━━ Given data ━━

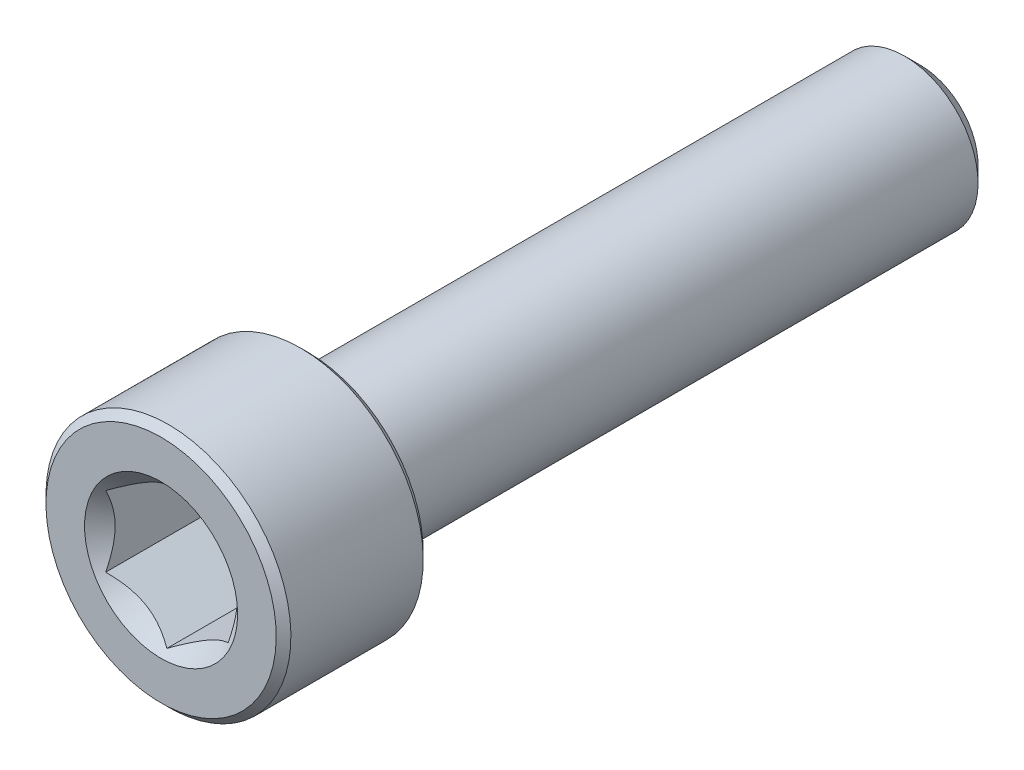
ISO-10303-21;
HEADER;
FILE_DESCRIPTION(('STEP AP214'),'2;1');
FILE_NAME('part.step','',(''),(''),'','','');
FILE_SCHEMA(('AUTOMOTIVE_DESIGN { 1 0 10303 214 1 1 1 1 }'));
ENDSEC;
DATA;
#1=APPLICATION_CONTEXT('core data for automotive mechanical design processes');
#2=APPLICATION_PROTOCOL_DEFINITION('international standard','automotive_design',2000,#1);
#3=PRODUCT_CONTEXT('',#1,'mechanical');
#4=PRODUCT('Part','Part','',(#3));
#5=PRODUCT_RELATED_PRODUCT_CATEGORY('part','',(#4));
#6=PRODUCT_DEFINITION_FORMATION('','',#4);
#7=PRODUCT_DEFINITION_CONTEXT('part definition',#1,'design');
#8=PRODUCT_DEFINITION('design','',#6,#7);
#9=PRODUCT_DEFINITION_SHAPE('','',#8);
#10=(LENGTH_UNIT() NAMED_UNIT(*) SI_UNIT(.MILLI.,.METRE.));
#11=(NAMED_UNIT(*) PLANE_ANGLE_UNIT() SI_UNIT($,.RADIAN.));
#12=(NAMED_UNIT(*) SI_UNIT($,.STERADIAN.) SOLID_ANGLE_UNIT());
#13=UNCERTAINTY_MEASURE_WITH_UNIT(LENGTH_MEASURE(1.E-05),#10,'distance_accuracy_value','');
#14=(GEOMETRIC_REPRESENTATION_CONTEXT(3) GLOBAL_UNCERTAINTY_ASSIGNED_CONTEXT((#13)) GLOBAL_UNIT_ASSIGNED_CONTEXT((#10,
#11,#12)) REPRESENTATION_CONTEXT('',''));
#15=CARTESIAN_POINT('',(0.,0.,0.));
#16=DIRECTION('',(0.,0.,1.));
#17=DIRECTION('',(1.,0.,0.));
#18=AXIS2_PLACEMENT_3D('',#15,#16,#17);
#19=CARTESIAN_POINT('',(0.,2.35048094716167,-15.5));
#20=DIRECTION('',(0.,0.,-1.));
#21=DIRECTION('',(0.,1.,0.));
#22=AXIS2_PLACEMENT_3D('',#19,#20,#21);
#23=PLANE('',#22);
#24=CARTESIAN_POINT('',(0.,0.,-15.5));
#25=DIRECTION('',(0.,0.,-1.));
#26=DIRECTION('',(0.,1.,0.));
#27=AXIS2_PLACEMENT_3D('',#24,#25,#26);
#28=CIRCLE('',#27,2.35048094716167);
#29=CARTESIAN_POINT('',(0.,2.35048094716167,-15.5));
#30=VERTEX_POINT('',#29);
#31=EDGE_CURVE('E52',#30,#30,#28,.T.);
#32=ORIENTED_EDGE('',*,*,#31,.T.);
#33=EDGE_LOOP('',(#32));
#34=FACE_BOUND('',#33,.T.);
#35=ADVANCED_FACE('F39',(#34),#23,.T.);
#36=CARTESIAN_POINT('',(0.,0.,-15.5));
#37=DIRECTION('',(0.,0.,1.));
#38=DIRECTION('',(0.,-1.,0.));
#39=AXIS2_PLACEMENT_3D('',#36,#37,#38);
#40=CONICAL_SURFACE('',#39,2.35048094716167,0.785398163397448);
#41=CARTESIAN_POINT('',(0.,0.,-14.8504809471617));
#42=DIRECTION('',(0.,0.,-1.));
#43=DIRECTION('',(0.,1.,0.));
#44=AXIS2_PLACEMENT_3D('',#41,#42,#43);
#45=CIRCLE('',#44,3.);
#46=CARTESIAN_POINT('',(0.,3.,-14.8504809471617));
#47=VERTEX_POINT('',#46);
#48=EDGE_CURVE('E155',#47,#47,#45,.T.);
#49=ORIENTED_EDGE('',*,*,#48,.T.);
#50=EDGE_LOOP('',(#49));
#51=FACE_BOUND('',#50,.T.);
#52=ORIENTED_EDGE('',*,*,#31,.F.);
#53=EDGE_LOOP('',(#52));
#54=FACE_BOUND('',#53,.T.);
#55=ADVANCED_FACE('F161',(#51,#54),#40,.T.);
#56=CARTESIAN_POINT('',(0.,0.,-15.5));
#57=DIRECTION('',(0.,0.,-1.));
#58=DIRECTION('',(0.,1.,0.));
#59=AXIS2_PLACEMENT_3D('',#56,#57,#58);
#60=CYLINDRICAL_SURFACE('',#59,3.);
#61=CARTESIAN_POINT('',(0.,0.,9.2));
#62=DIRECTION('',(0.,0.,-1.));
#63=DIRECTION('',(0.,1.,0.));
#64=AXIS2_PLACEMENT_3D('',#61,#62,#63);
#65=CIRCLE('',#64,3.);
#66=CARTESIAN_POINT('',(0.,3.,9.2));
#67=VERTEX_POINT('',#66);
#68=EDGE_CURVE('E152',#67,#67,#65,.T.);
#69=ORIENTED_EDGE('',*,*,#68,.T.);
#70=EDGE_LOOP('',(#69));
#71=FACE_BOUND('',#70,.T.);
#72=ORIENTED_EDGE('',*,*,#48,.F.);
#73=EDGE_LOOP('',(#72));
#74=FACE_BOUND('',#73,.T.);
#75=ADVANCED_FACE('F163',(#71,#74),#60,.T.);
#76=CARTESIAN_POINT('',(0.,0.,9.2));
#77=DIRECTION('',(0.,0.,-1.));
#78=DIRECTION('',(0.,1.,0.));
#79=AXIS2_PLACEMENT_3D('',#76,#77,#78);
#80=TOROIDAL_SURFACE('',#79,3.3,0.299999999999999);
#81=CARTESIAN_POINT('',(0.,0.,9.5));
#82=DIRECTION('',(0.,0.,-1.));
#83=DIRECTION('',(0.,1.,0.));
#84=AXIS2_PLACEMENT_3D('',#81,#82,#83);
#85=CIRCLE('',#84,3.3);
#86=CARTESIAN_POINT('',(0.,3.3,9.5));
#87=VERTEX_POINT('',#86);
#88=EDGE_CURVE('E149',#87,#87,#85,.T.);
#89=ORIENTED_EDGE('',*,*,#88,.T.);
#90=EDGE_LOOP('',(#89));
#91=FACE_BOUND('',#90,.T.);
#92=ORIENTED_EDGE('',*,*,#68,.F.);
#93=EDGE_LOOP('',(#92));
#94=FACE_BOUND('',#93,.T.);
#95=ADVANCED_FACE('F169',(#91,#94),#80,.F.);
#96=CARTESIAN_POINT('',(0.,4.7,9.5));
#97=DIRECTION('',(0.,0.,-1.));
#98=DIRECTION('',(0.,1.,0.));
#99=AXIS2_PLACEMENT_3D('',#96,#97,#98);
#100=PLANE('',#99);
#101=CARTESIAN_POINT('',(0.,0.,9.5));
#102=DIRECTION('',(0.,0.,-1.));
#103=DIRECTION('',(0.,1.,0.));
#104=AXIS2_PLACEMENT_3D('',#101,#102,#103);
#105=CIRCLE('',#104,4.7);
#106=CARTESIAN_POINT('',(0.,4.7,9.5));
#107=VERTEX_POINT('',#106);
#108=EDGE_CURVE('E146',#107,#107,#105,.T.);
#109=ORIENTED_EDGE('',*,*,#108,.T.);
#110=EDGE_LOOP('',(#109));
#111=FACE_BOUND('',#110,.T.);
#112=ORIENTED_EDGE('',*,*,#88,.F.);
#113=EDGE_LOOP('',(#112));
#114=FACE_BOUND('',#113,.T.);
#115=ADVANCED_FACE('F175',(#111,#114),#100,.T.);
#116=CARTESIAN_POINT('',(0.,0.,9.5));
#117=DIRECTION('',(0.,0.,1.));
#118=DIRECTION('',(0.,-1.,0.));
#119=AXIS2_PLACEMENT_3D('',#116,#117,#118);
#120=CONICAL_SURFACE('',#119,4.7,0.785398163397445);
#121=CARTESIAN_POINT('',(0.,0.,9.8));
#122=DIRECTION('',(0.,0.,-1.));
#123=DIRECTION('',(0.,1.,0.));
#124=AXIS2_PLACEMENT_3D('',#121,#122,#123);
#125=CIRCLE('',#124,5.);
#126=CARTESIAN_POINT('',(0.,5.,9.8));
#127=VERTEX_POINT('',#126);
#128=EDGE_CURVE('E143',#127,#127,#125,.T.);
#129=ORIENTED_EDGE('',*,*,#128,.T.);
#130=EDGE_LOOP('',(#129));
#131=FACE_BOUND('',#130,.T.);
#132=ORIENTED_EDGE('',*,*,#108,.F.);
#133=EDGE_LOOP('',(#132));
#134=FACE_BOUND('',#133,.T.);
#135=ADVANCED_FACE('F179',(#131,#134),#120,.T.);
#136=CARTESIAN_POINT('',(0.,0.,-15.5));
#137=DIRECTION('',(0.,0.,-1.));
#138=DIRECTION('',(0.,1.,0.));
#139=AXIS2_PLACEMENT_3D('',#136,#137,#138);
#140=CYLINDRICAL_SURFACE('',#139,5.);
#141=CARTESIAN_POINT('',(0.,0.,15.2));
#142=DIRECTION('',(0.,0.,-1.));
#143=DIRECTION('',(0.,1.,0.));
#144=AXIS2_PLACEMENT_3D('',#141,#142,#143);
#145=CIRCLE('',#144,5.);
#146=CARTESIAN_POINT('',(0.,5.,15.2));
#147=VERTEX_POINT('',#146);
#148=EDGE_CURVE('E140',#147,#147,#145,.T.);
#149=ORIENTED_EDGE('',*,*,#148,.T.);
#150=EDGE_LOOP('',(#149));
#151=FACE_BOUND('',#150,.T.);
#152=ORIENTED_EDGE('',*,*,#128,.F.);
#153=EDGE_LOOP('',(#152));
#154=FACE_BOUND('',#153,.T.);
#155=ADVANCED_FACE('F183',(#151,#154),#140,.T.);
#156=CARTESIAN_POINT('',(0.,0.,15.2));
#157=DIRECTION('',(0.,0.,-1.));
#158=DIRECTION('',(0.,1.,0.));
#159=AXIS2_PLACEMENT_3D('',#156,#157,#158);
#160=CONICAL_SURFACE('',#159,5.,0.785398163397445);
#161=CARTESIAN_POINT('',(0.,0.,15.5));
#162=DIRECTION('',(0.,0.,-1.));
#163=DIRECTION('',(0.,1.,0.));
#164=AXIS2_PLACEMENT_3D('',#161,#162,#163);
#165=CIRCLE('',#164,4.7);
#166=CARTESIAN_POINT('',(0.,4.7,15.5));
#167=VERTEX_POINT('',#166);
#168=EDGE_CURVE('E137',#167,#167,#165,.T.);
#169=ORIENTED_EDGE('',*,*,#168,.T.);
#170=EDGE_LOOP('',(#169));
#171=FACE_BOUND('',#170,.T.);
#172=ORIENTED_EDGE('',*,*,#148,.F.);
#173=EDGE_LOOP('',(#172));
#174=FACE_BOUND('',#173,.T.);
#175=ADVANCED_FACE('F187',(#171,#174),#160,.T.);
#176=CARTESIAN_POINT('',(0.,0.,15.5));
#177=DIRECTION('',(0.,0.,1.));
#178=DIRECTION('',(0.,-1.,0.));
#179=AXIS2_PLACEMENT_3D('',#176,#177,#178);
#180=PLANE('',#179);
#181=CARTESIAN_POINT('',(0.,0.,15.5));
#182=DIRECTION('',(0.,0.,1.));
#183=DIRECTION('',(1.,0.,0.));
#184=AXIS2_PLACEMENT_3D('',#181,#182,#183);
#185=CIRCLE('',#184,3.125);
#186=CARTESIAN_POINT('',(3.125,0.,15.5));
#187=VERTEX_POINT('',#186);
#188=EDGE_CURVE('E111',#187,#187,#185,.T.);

━━━

▶ What the exercise asks
Copy out only the lines of the records above from the one with "#165=CIRCLE('',#164,4.7);" through the one with "#174=FACE_BOUND('',#173,.T.);", exactly as they stand, both included.

▶ Written solution
#165=CIRCLE('',#164,4.7);
#166=CARTESIAN_POINT('',(0.,4.7,15.5));
#167=VERTEX_POINT('',#166);
#168=EDGE_CURVE('E137',#167,#167,#165,.T.);
#169=ORIENTED_EDGE('',*,*,#168,.T.);
#170=EDGE_LOOP('',(#169));
#171=FACE_BOUND('',#170,.T.);
#172=ORIENTED_EDGE('',*,*,#148,.F.);
#173=EDGE_LOOP('',(#172));
#174=FACE_BOUND('',#173,.T.);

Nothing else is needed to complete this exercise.